▶ [Action item]:
Scan the records below. Copy every line in which the word "radius" appears.

======== Given data

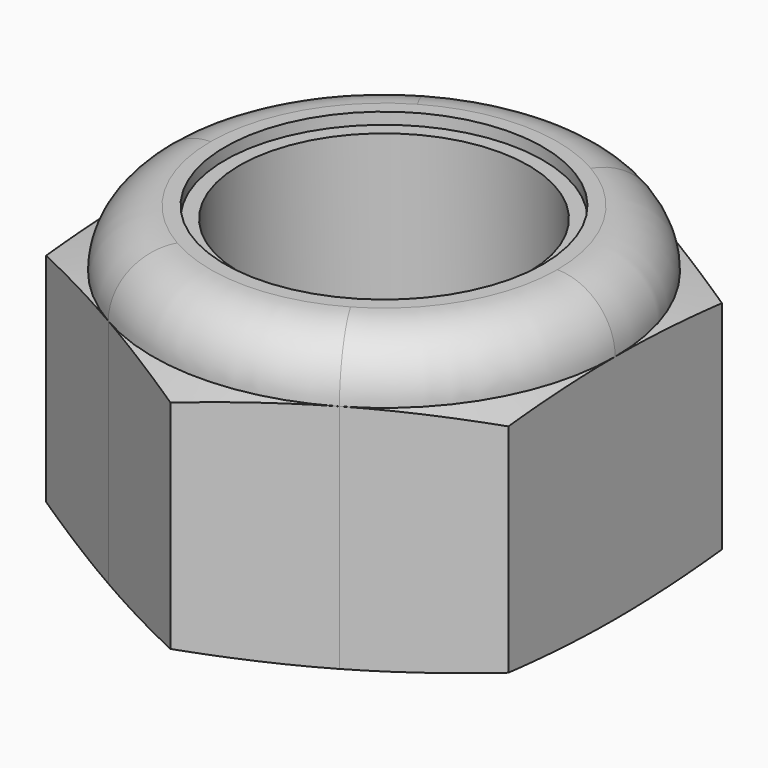
from build123d import *

# Parameters (mm, degrees)
F0_R       = 6
F1_DEPTH   = 4
F2_SIZE2   = 0.4
F2_SIZE    = 2
F2_2_SIZE2 = 0.4
F2_2_SIZE  = 2
F4_DEPTH   = 25
F6_DEPTH   = 1
F7_R       = 0.99999
F8_R       = 2.75
F9_DEPTH   = 0.2
F10_R      = 2.5
F11_DEPTH  = 25


# Not quite as in the source:
# - a fillet or chamfer is up to 0.001 mm smaller than in the source, because OpenCascade refuses the exact size


with BuildPart() as f1:
    # F0 (on Top) → F1 (new body)
    with BuildSketch(Plane.XY):
        Circle(F0_R)
    extrude(amount=F1_DEPTH)

    # F2
    f2_edges = [f1.edges().sort_by_distance(p)[0] for p in [
        (-6, 0, 4),
    ]]
    f2_side = f1.faces().sort_by_distance((0, 0, 4))[0]
    chamfer(f2_edges, length=F2_SIZE, length2=F2_SIZE2, reference=f2_side)

    # F2#2
    f2_2_edges = [f1.edges().sort_by_distance(p)[0] for p in [
        (-6, 0, 0),
    ]]
    f2_2_side = f1.faces().sort_by_distance((0, 0, 0))[0]
    chamfer(f2_2_edges, length=F2_2_SIZE, length2=F2_2_SIZE2, reference=f2_2_side)

    # F3 (on face) → F4 (intersect)
    with BuildSketch(Plane.XY.offset(4)):
        with BuildLine():
            Line((-4, -2.3094010768), (-1.9999999977, -3.4641016165))
            ThreePointArc((-1.9999999977, -3.4641016165), (-3.4641016145, -2.0000000012), (-4, 0))
            Line((-4, 0), (-4, -2.3094010768))
        make_face()
        with BuildLine():
            ThreePointArc((-4, 0), (-3.4641016358, 1.9999999642), (-2.0000000715, 3.4641015738))
            Line((-2.0000000715, 3.4641015738), (-4, 2.3094010768))
            Line((-4, 2.3094010768), (-4, 0))
        make_face()
        with BuildLine():
            ThreePointArc((-2.0000000715, 3.4641015738), (-2.18e-08, 4), (2.0000000338, 3.4641015956))
            Line((2.0000000338, 3.4641015956), (0, 4.6188021535))
            Line((0, 4.6188021535), (-2.0000000715, 3.4641015738))
        make_face()
        with BuildLine():
            Line((4, 0), (4, 2.3094010768))
            Line((4, 2.3094010768), (2.0000000338, 3.4641015956))
            ThreePointArc((2.0000000338, 3.4641015956), (3.4641016249, 1.9999999831), (4, 0))
        make_face()
        with BuildLine():
            Line((4, -2.3094010768), (4, 0))
            ThreePointArc((4, 0), (3.4641016169, -1.9999999969), (2.0000000062, -3.4641016116))
            Line((2.0000000062, -3.4641016116), (4, -2.3094010768))
        make_face()
        with BuildLine():
            Line((0, -4.6188021535), (2.0000000062, -3.4641016116))
            ThreePointArc((2.0000000062, -3.4641016116), (4.9e-09, -4), (-1.9999999977, -3.4641016165))
            Line((-1.9999999977, -3.4641016165), (0, -4.6188021535))
        make_face()
        with BuildLine():
            ThreePointArc((2.0000000062, -3.4641016116), (3.4641016169, -1.9999999969), (4, 0))
            ThreePointArc((4, 0), (3.4641016249, 1.9999999831), (2.0000000338, 3.4641015956))
            ThreePointArc((2.0000000338, 3.4641015956), (-2.18e-08, 4), (-2.0000000715, 3.4641015738))
            ThreePointArc((-2.0000000715, 3.4641015738), (-3.4641016358, 1.9999999642), (-4, 0))
            ThreePointArc((-4, 0), (-3.4641016145, -2.0000000012), (-1.9999999977, -3.4641016165))
            ThreePointArc((-1.9999999977, -3.4641016165), (4.9e-09, -4), (2.0000000062, -3.4641016116))
        make_face()
    extrude(amount=-F4_DEPTH, mode=Mode.INTERSECT)

    # F5 (on face) → F6 (join)
    with BuildSketch(Plane.XY.offset(4)):
        with BuildLine():
            ThreePointArc((1.9999999952, -3.4641016179), (3.4641016138, -2.0000000024), (4, 0))
            ThreePointArc((4, 0), (3.4641016188, 1.9999999936), (2.0000000128, 3.4641016077))
            ThreePointArc((2.0000000128, 3.4641016077), (0, 4), (-2.0000000128, 3.4641016077))
            ThreePointArc((-2.0000000128, 3.4641016077), (-3.4641016188, 1.9999999936), (-4, 0))
            ThreePointArc((-4, 0), (-3.4641016204, -1.9999999909), (-2.0000000181, -3.4641016047))
            ThreePointArc((-2.0000000181, -3.4641016047), (-1.32e-08, -4), (1.9999999952, -3.4641016179))
        make_face()
    extrude(amount=F6_DEPTH)

    # F7 (radius 1 in the source; OpenCascade refuses exactly that, so slightly less here)
    f7_edges = [f1.edges().sort_by_distance(p)[0] for p in [
        (-4, 0, 5),
    ]]
    fillet(f7_edges, radius=F7_R)

    # F8 (on face) → F9 (cut)
    with BuildSketch(Plane.XY.offset(5)):
        Circle(F8_R)
    extrude(amount=-F9_DEPTH, mode=Mode.SUBTRACT)

    # F10 (on face) → F11 (cut)
    with BuildSketch(Plane.XY.offset(4.8)):
        Circle(F10_R)
    extrude(amount=-F11_DEPTH, mode=Mode.SUBTRACT)


solid = f1.part
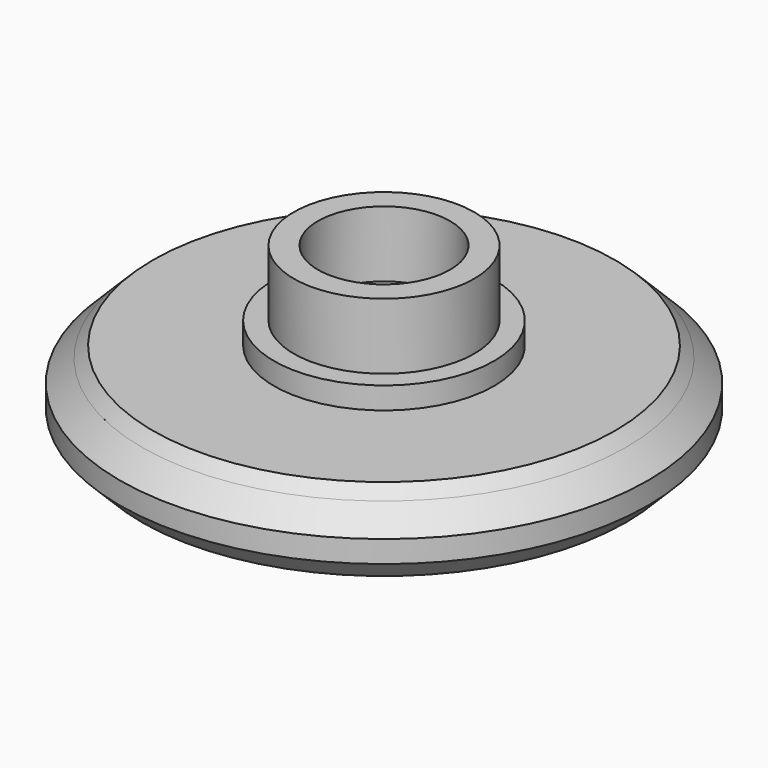
from build123d import *

# Parameters (mm, degrees)
F0_R     = 12
F0_R_2   = 11
F0_R_3   = 5
F0_R_4   = 4.1
F0_R_5   = 3
F1_DEPTH = 2
F2_DEPTH = 3.5
F3_SIZE  = 0.99999
F4_DEPTH = 4.5
F5_DEPTH = 7.5
F6_SIZE  = 1
F7_SIZE  = 0.5


# Not quite as in the source:
# - a fillet or chamfer is up to 0.001 mm smaller than in the source, because OpenCascade refuses the exact size


with BuildPart() as f1:
    # F0 (on Top) → F1 (new body)
    with BuildSketch(Plane.XY):
        Circle(F0_R)
        Circle(F0_R_2, mode=Mode.SUBTRACT)
        Circle(F0_R_2)
        Circle(F0_R_3, mode=Mode.SUBTRACT)
        Circle(F0_R_3)
        Circle(F0_R_4, mode=Mode.SUBTRACT)
        Circle(F0_R_4)
        Circle(F0_R_5, mode=Mode.SUBTRACT)
        Circle(F0_R_5)
    extrude(amount=F1_DEPTH)

    # F0 (on Top) → F2 (join)
    with BuildSketch(Plane.XY):
        Circle(F0_R_2)
        Circle(F0_R_3, mode=Mode.SUBTRACT)
        Circle(F0_R_3)
        Circle(F0_R_4, mode=Mode.SUBTRACT)
        Circle(F0_R_4)
        Circle(F0_R_5, mode=Mode.SUBTRACT)
        Circle(F0_R_5)
    extrude(amount=F2_DEPTH)

    # F3 (size 1 in the source; OpenCascade refuses exactly that, so slightly less here)
    f3_edges = [f1.edges().sort_by_distance(p)[0] for p in [
        (-11, 0, 2),
    ]]
    chamfer(f3_edges, length=F3_SIZE)

    # F0 (on Top) → F4 (join)
    with BuildSketch(Plane.XY):
        Circle(F0_R_3)
        Circle(F0_R_4, mode=Mode.SUBTRACT)
        Circle(F0_R_4)
        Circle(F0_R_5, mode=Mode.SUBTRACT)
        Circle(F0_R_5)
    extrude(amount=F4_DEPTH)

    # F0 (on Top) → F5 (join)
    with BuildSketch(Plane.XY):
        Circle(F0_R_4)
        Circle(F0_R_5, mode=Mode.SUBTRACT)
    extrude(amount=F5_DEPTH)

    # F6
    f6_edges = [f1.edges().sort_by_distance(p)[0] for p in [
        (-12, 0, 0),
    ]]
    chamfer(f6_edges, length=F6_SIZE)

    # F7
    f7_edges = [f1.edges().sort_by_distance(p)[0] for p in [
        (-11, 0, 3.5),
    ]]
    chamfer(f7_edges, length=F7_SIZE)


solid = f1.part
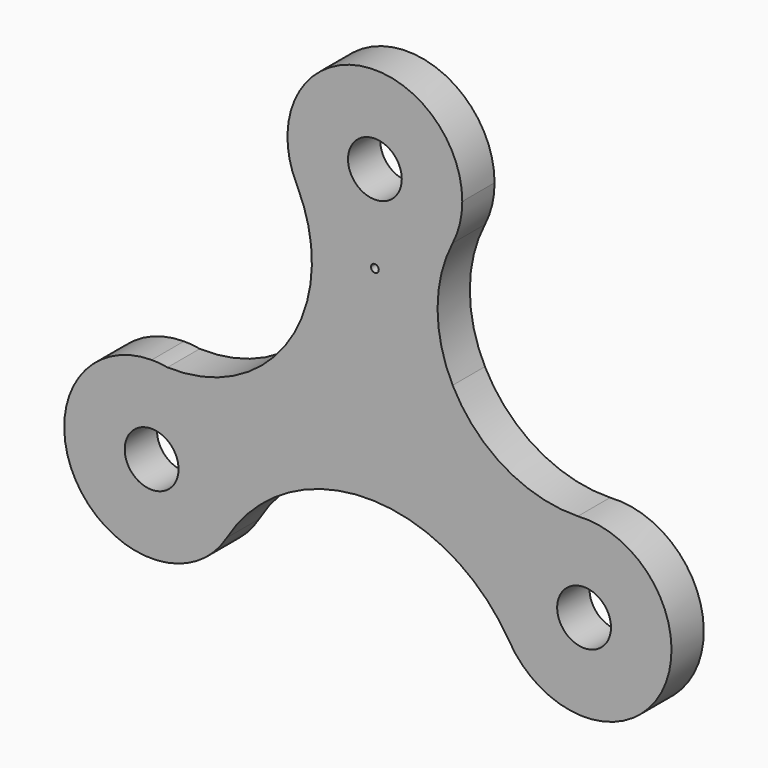
from build123d import *

# Parameters (mm, degrees)
F0_R     = 9.5
F0_R_2   = 4
F1_DEPTH = 6


with BuildPart() as f1:
    # F0 (on Front) → F1 (new body)
    with BuildSketch(Plane.XZ):
        with BuildLine():
            ThreePointArc((2.350153171, 12.7858038493), (1.1720328397, 12.8595060447), (0, 13))
            ThreePointArc((0, 13), (-11.2995091051, -6.4281485658), (11.1746035767, -6.6429086178))
            ThreePointArc((11.1746035767, -6.6429086178), (12.5353469536, -3.4445720709), (13, 0))
            ThreePointArc((13, 0), (9.9887935013, 8.320096417), (2.350153171, 12.7858038493))
        make_face()
        Circle(F0_R, mode=Mode.SUBTRACT)
        with BuildLine():
            ThreePointArc((2.350153171, 12.7858038493), (1.179947024, 12.9463402172), (0, 13))
            ThreePointArc((0, 13), (1.1720328397, 12.8595060447), (2.350153171, 12.7858038493))
        make_face()
        with BuildLine():
            ThreePointArc((13, 0), (12.5353469536, -3.4445720709), (11.1746035767, -6.6429086178))
            ThreePointArc((11.1746035767, -6.6429086178), (20.3927051131, 2.2823011589), (32.8593572911, 5.3179804839))
            ThreePointArc((32.8593572911, 5.3179804839), (22.0397803989, 11.649441895), (21.5996059124, 24.1776857522))
            ThreePointArc((21.5996059124, 24.1776857522), (13.63881463, 15.6701075209), (2.350153171, 12.7858038493))
            ThreePointArc((2.350153171, 12.7858038493), (9.9887935013, 8.320096417), (13, 0))
        make_face()
        with BuildLine():
            ThreePointArc((21.5996059124, 24.1776857522), (22.0397803989, 11.649441895), (32.8593572911, 5.3179804839))
            ThreePointArc((32.8593572911, 5.3179804839), (42.272310005, 9.0007955279), (46.2018025219, 18.3134693652))
            ThreePointArc((46.2018025219, 18.3134693652), (45.8389012751, 21.3636718342), (44.7704586601, 24.243578568))
            ThreePointArc((44.7704586601, 24.243578568), (33.1648335269, 31.3134167995), (21.5996059124, 24.1776857522))
        make_face()
        with BuildLine():
            ThreePointArc((46.2018025219, 18.3134693652), (42.272310005, 9.0007955279), (32.8593572911, 5.3179804839))
            ThreePointArc((32.8593572911, 5.3179804839), (44.5354086005, 1.9994233392), (53.1813680275, -6.5205755628))
            ThreePointArc((53.1813680275, -6.5205755628), (52.7786540902, 6.1760009355), (63.3931152108, 13.154428295))
            ThreePointArc((63.3931152108, 13.154428295), (52.487300782, 16.0212898755), (44.7704586601, 24.243578568))
            ThreePointArc((44.7704586601, 24.243578568), (45.8389012751, 21.3636718342), (46.2018025219, 18.3134693652))
        make_face()
        with BuildLine():
            ThreePointArc((21.5996059834, 42.9212888668), (23.8334826654, 33.549487301), (21.5996059124, 24.1776857522))
            ThreePointArc((21.5996059124, 24.1776857522), (33.1648335269, 31.3134167995), (44.7704586601, 24.243578568))
            ThreePointArc((44.7704586601, 24.243578568), (42.5243018444, 33.5494874141), (44.7704586914, 42.8553962526))
            ThreePointArc((44.7704586914, 42.8553962526), (40.2259887899, 37.846547159), (33.7803843902, 35.7983870449))
            ThreePointArc((33.7803843902, 35.7983870449), (33.7804919256, 35.7919466185), (33.7805277722, 35.7855053943))
            ThreePointArc((33.7805277722, 35.7855053943), (33.1953612977, 35.2068159906), (32.6232206536, 35.7983870449))
            ThreePointArc((32.6232206536, 35.7983870449), (26.1465368827, 37.8665664916), (21.5996059834, 42.9212888668))
        make_face()
        with BuildLine():
            ThreePointArc((63.3931152108, 13.154428295), (52.7786540902, 6.1760009355), (53.1813680275, -6.5205755628))
            ThreePointArc((53.1813680275, -6.5205755628), (67.7981541622, -12.3379567831), (77.3170911302, 0.1873056959))
            ThreePointArc((77.3170911302, 0.1873056959), (73.176783931, 9.7007616124), (63.3931152108, 13.154428295))
        make_face()
        with Locations((64.3170911302, 0.1873056959)):
            Circle(F0_R, mode=Mode.SUBTRACT)
        with BuildLine():
            ThreePointArc((46.2018025219, 48.7855053943), (30.1875492977, 61.4312271017), (21.5996059834, 42.9212888668))
            ThreePointArc((21.5996059834, 42.9212888668), (26.1465368827, 37.8665664916), (32.6232206536, 35.7983870449))
            ThreePointArc((32.6232206536, 35.7983870449), (33.2018025219, 36.3642306445), (33.7803843902, 35.7983870449))
            ThreePointArc((33.7803843902, 35.7983870449), (40.2259887899, 37.846547159), (44.7704586914, 42.8553962526))
            ThreePointArc((44.7704586914, 42.8553962526), (45.8389012832, 45.7353029587), (46.2018025219, 48.7855053943))
        make_face()
        with Locations((33.2018025219, 48.7855053943)):
            Circle(F0_R, mode=Mode.SUBTRACT)
        with Locations((33.2018025219, 48.7855053943)):
            Circle(F0_R)
        with Locations((33.2018025219, 48.7855053943)):
            Circle(F0_R_2, mode=Mode.SUBTRACT)
        Circle(F0_R)
        Circle(F0_R_2, mode=Mode.SUBTRACT)
        with Locations((64.3170911302, 0.1873056959)):
            Circle(F0_R)
        with Locations((64.3170911302, 0.1873056959)):
            Circle(F0_R_2, mode=Mode.SUBTRACT)
    extrude(amount=F1_DEPTH)


solid = f1.part

================

▶ [Your solution]:
    # F7 (radius 1 in the source; OpenCascade refuses exactly that, so slightly less here)
    fillet(f7_edges, radius=F7_R)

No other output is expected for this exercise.